• [TASK INPUTS]
----------------

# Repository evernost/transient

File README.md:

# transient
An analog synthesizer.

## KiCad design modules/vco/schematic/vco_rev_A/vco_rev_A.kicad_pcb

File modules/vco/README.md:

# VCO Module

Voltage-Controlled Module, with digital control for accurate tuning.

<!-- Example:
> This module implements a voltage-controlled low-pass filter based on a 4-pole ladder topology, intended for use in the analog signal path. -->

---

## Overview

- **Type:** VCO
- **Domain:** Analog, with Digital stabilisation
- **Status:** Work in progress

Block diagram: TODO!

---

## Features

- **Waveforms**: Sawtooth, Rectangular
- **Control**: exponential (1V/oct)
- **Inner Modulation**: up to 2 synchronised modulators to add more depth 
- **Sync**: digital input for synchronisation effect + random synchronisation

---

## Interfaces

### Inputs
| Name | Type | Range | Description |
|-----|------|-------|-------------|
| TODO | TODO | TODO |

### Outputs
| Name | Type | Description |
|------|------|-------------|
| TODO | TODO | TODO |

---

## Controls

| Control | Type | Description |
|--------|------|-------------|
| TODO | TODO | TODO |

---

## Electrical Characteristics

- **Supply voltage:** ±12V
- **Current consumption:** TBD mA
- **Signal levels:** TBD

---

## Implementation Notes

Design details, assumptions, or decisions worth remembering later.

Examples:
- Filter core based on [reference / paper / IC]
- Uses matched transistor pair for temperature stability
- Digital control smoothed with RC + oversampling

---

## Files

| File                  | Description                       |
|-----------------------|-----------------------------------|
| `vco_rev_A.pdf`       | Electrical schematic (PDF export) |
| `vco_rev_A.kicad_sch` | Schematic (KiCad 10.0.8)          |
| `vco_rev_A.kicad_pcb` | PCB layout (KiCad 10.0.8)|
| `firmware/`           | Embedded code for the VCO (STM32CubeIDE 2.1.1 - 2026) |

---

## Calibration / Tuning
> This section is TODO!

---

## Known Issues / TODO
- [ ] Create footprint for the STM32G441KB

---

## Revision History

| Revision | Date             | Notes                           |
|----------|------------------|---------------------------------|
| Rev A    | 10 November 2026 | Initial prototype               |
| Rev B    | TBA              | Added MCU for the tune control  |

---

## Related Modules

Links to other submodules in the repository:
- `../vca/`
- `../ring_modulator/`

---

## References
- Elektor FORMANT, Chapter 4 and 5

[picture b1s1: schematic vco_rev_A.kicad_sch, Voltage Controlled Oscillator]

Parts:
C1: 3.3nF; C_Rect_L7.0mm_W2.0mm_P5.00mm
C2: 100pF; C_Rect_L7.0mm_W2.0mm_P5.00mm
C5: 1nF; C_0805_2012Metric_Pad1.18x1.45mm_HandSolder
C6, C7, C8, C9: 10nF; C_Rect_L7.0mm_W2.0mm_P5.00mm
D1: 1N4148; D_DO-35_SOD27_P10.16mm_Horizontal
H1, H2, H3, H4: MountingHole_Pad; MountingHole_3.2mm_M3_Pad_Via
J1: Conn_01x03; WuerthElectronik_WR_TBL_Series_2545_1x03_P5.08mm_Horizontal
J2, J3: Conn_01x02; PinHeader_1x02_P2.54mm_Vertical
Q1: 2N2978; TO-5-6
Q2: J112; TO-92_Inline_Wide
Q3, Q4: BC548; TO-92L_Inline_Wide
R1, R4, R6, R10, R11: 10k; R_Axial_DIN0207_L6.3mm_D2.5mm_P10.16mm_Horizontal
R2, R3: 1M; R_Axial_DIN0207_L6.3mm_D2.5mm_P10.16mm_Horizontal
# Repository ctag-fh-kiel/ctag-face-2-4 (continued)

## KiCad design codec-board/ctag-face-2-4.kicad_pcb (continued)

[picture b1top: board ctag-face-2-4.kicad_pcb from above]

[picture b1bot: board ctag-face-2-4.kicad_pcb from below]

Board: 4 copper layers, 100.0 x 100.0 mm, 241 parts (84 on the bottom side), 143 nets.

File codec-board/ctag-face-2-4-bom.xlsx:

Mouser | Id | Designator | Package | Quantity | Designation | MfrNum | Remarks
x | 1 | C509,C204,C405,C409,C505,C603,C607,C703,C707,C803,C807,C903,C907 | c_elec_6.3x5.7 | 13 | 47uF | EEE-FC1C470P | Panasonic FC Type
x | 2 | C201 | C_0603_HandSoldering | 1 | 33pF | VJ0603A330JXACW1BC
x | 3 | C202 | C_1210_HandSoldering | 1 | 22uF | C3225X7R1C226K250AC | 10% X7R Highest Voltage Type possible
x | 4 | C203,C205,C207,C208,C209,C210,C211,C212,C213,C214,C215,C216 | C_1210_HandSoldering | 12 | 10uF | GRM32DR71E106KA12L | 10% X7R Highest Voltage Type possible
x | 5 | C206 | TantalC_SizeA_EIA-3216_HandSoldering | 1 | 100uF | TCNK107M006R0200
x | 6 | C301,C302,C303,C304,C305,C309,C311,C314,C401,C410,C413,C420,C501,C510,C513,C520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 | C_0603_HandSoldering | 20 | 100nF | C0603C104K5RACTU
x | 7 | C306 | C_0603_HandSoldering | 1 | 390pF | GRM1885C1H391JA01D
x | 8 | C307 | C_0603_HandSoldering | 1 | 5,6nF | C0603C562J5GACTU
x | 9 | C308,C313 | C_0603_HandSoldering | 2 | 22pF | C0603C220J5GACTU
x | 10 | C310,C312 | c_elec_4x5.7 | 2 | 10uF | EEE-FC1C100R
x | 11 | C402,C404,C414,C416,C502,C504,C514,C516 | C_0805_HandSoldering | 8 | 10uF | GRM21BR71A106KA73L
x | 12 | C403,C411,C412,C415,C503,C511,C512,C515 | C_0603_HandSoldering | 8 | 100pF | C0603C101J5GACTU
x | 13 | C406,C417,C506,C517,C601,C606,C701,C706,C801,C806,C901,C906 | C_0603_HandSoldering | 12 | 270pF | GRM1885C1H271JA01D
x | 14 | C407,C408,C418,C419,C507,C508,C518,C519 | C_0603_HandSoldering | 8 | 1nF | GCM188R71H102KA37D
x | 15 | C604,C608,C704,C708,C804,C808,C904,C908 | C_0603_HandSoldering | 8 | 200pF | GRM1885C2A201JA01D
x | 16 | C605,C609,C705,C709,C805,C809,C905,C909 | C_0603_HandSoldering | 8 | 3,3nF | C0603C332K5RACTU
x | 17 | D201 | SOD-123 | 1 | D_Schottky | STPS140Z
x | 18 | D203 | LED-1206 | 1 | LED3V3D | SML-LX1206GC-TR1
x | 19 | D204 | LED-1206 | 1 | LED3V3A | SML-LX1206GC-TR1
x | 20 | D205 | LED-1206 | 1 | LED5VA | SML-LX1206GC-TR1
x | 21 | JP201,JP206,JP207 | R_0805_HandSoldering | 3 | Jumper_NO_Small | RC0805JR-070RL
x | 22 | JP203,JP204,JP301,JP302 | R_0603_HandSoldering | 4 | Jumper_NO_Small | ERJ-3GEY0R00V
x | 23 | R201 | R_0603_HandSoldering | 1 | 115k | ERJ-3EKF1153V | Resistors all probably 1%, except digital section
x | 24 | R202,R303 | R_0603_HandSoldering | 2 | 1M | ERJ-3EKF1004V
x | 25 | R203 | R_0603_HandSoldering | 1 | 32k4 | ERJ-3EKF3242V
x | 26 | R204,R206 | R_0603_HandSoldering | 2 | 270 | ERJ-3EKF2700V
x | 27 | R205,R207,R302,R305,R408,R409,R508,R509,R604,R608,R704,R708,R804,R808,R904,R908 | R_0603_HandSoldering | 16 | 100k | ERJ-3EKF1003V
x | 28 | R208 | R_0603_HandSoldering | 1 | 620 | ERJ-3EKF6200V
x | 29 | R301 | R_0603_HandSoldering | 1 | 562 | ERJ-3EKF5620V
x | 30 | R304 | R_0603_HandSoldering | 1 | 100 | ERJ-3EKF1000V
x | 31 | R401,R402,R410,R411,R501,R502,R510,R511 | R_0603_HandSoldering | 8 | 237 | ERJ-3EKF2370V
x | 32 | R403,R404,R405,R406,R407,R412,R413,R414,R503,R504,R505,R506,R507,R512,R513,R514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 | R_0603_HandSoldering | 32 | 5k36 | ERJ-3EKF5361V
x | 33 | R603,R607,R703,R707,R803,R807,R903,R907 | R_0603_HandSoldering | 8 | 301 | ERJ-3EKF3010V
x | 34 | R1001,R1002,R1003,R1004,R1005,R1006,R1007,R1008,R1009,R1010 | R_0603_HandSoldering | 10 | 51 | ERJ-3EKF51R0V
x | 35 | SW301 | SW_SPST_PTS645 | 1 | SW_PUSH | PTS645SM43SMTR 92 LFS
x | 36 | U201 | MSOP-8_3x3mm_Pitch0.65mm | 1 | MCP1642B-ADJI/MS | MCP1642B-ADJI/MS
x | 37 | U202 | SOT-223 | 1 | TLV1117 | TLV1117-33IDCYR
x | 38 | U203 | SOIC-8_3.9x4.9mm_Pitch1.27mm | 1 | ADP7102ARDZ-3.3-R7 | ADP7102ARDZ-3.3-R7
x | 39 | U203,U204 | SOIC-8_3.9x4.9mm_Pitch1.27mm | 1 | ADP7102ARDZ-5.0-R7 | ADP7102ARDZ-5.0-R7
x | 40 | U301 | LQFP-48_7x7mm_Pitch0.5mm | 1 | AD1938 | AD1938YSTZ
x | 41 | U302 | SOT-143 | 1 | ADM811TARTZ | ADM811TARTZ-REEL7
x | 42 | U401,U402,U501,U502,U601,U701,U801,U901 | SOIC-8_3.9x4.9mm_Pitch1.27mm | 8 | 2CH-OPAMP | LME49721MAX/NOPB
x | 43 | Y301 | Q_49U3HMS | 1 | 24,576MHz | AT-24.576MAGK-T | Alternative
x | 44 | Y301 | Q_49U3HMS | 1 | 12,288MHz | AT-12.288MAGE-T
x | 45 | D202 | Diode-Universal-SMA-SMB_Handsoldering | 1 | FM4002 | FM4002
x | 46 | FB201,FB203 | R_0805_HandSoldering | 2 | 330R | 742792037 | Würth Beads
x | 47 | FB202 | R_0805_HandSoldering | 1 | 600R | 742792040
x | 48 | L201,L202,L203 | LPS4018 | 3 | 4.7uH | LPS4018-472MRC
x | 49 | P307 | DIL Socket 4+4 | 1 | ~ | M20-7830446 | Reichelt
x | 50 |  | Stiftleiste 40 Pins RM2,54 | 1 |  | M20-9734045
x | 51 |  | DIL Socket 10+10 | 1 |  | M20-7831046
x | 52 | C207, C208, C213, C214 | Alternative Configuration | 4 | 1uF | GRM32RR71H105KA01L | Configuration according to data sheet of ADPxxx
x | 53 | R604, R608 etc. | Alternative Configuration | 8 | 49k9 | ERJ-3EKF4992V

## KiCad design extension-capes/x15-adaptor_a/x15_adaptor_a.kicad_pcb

----------------

• [YOUR TASK] Please filter the entries for the word "Highest" and copy the lines that have it.

• [SOLUTION]
x | 3 | C202 | C_1210_HandSoldering | 1 | 22uF | C3225X7R1C226K250AC | 10% X7R Highest Voltage Type possible
x | 4 | C203,C205,C207,C208,C209,C210,C211,C212,C213,C214,C215,C216 | C_1210_HandSoldering | 12 | 10uF | GRM32DR71E106KA12L | 10% X7R Highest Voltage Type possible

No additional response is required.